Source data:
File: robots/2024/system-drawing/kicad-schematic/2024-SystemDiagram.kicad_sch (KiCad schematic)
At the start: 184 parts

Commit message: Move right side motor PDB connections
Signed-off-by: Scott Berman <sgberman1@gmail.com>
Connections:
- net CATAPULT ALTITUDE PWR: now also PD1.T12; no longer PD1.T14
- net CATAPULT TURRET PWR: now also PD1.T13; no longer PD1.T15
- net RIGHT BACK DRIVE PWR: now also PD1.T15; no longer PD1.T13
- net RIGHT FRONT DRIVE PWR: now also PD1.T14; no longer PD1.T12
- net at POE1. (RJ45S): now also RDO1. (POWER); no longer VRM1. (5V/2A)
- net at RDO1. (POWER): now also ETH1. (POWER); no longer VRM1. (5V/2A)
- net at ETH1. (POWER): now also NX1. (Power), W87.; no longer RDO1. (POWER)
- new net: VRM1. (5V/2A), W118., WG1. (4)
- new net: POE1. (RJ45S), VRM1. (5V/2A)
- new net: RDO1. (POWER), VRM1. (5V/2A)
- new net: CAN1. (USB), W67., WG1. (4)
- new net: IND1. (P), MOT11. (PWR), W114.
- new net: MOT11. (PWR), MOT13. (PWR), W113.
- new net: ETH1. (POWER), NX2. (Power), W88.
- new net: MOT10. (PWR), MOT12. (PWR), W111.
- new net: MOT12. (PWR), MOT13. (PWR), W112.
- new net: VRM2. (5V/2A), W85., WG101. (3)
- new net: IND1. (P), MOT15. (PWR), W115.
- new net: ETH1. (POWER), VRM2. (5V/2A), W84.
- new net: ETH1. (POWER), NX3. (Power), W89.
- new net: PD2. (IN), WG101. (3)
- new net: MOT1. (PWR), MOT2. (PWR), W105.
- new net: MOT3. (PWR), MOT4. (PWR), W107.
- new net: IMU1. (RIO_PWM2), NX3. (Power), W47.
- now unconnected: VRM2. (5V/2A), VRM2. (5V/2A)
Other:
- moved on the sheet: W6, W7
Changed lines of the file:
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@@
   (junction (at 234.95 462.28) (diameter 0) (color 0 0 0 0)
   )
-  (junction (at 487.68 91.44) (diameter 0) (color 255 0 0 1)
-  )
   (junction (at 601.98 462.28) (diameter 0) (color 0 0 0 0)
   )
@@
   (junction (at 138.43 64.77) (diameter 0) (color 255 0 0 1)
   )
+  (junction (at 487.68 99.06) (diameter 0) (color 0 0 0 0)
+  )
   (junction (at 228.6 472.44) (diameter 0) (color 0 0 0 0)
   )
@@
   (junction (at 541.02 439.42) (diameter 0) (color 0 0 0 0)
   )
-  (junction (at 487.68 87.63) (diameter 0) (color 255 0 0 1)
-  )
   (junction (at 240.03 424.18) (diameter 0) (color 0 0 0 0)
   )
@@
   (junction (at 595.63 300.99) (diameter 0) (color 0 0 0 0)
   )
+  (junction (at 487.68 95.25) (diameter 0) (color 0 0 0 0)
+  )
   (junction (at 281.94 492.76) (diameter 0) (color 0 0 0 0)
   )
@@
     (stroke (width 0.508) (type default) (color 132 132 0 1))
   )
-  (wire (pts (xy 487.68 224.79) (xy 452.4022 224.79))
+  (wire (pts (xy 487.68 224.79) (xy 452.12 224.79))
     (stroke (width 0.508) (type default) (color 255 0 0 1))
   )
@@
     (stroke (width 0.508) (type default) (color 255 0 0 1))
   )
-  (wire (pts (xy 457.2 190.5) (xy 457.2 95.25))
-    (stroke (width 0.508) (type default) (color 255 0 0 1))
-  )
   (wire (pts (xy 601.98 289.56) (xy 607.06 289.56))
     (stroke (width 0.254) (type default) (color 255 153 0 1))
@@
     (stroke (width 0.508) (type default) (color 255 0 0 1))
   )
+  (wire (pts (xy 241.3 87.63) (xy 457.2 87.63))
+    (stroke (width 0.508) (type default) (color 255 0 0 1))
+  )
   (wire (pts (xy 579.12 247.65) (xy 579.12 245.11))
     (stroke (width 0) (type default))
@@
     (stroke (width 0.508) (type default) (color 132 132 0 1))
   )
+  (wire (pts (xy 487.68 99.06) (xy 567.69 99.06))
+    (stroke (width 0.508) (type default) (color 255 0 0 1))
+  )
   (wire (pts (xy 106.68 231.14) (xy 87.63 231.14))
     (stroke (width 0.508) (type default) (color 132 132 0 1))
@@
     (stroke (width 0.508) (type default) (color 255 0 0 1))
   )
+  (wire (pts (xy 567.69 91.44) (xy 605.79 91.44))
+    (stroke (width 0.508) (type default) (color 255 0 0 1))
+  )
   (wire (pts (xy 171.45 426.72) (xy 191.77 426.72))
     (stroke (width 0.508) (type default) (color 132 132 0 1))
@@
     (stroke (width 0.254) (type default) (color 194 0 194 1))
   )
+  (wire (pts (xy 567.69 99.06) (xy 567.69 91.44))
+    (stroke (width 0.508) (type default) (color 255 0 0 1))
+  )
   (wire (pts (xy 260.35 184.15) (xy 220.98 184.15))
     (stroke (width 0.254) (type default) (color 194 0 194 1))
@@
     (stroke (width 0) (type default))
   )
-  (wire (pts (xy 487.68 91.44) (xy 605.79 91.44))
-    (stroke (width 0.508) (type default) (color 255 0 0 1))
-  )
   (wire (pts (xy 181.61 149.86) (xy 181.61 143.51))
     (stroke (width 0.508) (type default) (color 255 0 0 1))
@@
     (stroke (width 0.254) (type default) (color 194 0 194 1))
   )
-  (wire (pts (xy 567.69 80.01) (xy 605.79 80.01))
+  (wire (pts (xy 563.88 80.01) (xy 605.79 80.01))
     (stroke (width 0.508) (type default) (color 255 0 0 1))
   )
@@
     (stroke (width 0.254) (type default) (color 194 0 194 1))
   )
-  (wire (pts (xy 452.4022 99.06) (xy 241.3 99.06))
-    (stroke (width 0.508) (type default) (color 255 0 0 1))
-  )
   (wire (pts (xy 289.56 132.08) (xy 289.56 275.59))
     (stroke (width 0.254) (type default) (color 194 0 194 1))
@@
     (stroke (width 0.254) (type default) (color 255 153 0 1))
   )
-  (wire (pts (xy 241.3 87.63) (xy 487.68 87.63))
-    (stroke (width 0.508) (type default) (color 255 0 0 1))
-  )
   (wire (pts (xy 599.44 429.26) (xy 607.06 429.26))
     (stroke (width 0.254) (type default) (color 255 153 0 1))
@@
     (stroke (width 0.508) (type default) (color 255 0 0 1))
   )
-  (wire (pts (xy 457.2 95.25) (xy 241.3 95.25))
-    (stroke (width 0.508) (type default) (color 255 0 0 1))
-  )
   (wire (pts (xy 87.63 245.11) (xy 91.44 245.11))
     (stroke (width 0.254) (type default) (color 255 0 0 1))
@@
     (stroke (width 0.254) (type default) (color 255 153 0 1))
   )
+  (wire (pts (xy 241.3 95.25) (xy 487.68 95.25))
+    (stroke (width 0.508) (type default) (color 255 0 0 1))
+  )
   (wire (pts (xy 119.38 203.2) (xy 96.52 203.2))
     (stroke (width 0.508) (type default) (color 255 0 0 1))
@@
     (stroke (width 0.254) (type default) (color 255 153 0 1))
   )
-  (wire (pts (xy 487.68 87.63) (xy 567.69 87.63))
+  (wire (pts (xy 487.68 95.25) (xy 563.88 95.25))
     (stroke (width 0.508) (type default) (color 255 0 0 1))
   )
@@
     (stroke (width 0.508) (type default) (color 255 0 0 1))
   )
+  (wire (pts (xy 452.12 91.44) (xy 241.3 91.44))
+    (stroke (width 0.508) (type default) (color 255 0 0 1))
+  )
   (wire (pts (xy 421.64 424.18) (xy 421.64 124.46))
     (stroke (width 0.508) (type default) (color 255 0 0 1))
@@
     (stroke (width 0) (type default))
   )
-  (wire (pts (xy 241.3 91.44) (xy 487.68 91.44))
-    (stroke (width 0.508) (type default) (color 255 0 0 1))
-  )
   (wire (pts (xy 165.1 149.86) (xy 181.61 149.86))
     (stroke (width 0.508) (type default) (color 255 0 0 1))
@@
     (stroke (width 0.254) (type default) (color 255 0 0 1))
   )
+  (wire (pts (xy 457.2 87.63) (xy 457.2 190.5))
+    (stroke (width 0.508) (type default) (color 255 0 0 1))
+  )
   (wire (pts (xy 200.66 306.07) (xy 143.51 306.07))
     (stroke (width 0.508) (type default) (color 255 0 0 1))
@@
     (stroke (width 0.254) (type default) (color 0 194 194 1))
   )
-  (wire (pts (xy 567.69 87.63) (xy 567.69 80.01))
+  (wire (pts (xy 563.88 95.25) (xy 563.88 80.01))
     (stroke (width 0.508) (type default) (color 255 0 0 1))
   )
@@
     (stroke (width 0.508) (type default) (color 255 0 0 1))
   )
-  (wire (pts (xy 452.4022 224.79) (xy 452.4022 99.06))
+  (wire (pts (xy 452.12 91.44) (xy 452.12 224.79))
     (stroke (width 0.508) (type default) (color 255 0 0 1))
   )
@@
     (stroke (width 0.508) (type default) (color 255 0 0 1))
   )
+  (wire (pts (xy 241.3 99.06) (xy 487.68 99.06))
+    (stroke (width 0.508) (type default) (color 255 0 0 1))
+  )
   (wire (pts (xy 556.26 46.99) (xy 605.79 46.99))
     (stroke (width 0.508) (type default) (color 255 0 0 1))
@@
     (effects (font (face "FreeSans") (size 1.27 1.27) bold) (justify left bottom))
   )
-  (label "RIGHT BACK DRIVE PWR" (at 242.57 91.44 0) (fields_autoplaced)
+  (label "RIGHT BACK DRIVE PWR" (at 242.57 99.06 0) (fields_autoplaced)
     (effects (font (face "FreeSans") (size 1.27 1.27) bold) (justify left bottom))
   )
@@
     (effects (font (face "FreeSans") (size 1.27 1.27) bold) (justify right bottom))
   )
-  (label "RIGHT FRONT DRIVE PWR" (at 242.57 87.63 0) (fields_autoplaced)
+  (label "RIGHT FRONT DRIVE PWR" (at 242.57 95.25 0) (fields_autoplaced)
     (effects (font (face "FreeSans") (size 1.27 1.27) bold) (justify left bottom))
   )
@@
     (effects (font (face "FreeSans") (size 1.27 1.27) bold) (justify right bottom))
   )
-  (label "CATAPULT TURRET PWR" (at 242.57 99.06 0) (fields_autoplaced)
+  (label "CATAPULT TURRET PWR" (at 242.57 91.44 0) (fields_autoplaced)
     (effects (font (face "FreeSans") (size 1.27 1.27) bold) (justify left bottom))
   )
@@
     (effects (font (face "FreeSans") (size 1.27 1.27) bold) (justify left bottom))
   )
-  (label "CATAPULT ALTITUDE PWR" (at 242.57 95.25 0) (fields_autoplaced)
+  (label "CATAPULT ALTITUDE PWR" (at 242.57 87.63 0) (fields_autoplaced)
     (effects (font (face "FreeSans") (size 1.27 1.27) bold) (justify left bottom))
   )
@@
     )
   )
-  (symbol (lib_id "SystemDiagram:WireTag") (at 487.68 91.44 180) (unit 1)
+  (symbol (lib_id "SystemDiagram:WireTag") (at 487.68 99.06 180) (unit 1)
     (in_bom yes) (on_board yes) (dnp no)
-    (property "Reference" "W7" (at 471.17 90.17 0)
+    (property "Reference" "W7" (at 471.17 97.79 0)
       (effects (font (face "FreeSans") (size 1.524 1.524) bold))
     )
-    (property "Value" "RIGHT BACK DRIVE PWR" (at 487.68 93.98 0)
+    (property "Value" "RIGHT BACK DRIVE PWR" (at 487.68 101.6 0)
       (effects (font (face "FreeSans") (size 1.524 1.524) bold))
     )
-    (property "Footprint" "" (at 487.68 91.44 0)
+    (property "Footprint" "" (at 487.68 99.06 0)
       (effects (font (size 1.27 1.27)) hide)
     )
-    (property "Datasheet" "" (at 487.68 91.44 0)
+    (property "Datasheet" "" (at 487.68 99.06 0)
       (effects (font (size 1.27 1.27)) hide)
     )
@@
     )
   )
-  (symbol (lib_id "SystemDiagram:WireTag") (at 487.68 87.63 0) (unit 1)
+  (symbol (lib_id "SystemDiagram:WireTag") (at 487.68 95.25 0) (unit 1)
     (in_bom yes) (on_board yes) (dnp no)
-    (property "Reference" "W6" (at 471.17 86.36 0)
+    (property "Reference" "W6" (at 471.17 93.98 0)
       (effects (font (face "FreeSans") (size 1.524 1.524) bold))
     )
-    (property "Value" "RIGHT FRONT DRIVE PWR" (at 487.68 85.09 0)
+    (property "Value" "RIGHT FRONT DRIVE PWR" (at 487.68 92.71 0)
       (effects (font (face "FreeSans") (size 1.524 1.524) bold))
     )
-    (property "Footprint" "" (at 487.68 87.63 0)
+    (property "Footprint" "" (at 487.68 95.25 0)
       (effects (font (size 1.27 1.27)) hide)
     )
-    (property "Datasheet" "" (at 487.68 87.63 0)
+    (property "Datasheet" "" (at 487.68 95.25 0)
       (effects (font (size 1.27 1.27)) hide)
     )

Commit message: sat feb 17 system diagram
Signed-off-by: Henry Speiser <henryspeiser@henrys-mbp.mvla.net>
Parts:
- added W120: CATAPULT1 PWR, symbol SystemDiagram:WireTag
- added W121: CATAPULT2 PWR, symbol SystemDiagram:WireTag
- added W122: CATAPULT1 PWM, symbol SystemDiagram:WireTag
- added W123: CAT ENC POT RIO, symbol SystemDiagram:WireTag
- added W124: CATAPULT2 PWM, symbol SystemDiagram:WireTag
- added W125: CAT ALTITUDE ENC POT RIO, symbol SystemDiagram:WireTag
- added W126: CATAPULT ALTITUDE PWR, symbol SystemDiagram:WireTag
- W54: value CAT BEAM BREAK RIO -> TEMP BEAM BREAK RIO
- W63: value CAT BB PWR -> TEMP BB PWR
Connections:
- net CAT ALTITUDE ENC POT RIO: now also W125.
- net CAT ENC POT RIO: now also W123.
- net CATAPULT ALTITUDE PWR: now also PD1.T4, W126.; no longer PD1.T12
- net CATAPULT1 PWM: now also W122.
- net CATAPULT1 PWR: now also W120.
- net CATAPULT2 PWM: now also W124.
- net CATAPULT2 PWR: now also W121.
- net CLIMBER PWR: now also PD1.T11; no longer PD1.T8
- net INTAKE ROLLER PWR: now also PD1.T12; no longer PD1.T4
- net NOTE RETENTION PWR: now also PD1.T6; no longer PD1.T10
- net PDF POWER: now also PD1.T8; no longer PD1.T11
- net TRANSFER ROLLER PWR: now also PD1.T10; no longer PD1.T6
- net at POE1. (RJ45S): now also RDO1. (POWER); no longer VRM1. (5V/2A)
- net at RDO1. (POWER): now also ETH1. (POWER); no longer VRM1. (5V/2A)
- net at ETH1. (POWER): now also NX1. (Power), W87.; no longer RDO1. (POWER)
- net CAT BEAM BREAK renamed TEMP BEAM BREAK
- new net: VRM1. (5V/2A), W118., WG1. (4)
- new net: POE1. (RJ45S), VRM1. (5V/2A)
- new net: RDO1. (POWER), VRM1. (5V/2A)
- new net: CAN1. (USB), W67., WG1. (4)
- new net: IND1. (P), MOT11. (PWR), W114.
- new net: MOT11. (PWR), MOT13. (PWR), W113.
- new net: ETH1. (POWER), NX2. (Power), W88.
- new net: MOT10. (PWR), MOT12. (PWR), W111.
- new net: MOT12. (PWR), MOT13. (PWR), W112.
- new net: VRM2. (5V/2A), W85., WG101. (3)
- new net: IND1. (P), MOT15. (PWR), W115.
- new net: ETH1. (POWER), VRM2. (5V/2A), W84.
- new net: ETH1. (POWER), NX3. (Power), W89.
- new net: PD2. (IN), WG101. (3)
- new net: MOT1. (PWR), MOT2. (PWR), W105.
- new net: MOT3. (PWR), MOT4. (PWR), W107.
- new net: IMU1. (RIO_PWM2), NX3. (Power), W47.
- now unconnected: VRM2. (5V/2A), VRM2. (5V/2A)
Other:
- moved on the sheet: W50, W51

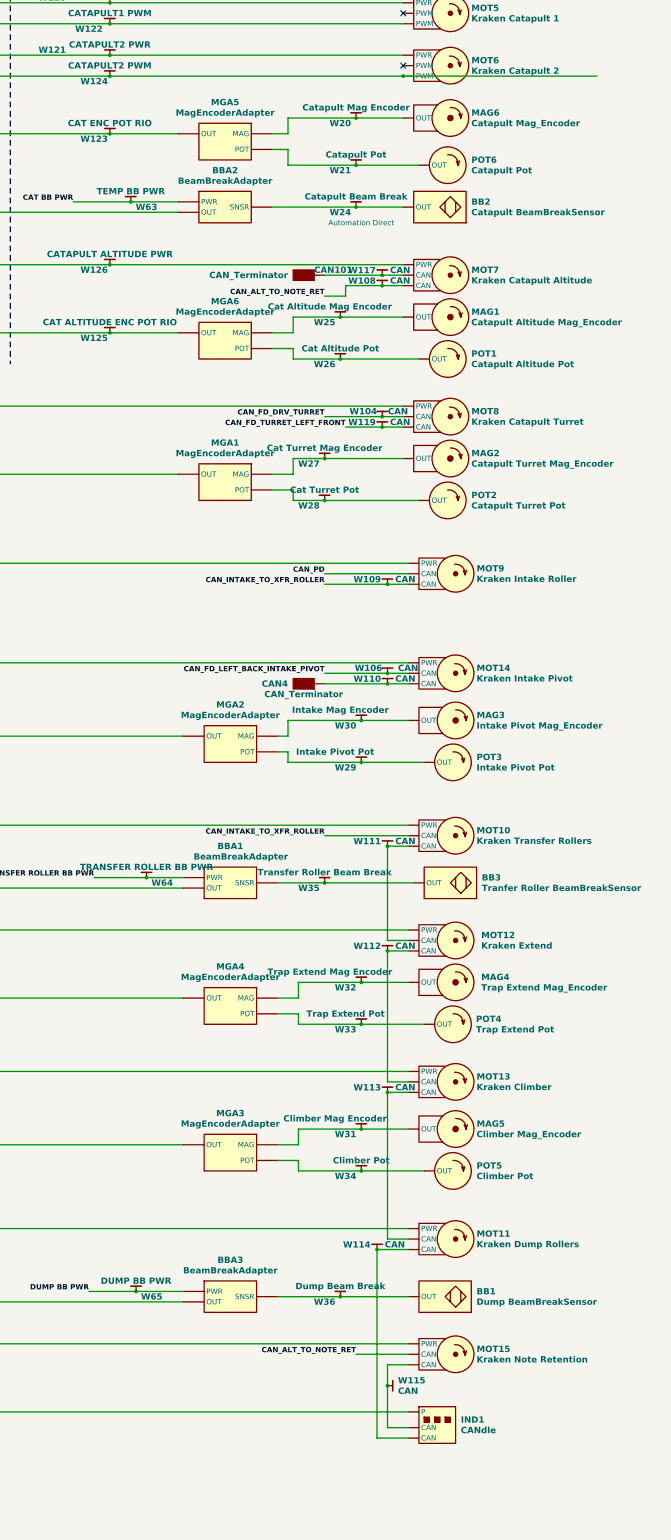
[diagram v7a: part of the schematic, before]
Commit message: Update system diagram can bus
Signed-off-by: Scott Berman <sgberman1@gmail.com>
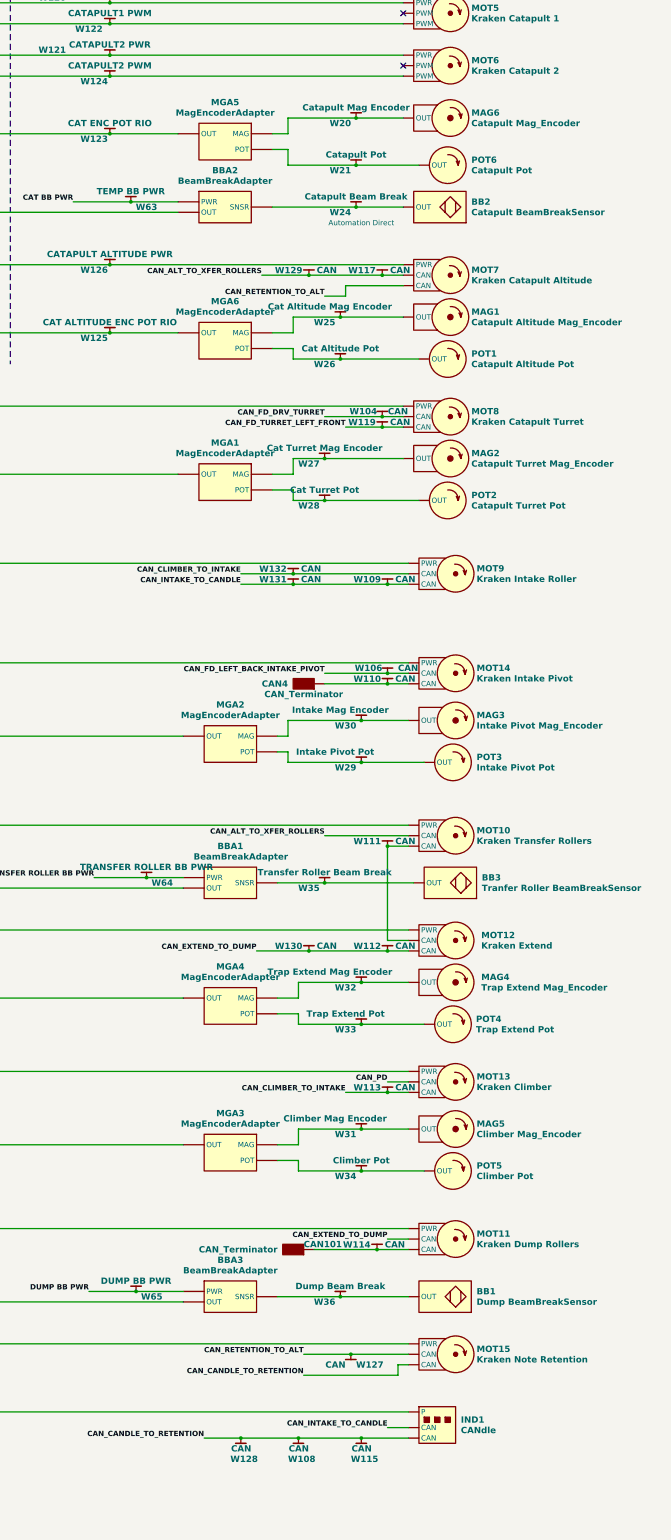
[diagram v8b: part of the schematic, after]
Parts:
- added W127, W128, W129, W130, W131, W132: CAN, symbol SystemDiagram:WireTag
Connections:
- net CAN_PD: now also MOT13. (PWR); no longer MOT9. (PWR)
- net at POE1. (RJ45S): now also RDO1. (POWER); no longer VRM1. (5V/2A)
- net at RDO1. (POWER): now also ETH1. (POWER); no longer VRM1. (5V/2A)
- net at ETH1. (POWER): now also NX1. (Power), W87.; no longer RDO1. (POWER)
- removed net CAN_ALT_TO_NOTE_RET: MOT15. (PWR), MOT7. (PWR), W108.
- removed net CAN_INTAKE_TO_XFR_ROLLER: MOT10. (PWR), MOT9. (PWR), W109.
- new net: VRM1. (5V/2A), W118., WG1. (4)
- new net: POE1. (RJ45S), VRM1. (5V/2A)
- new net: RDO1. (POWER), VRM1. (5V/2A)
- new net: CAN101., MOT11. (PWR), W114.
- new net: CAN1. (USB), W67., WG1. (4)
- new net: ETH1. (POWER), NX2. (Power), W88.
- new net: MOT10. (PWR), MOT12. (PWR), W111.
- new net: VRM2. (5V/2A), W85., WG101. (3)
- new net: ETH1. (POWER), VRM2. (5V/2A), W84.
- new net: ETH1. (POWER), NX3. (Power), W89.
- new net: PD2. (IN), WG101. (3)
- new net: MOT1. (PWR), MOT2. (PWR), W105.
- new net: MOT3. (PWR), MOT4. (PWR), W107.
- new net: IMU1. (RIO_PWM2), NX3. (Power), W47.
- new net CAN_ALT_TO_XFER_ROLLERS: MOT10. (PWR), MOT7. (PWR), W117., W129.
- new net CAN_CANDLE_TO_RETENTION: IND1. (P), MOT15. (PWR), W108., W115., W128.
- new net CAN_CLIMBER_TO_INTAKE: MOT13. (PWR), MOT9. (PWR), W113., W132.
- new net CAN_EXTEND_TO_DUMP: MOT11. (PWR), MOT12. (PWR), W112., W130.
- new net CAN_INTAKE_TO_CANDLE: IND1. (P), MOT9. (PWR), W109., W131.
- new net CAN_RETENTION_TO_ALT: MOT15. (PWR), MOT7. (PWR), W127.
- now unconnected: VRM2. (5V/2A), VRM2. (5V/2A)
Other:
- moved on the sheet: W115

Exercise objective:
Copy out every line of the data in which the word "BREAK" is found.

Response area:
- W54: value CAT BEAM BREAK RIO -> TEMP BEAM BREAK RIO
- net CAT BEAM BREAK renamed TEMP BEAM BREAK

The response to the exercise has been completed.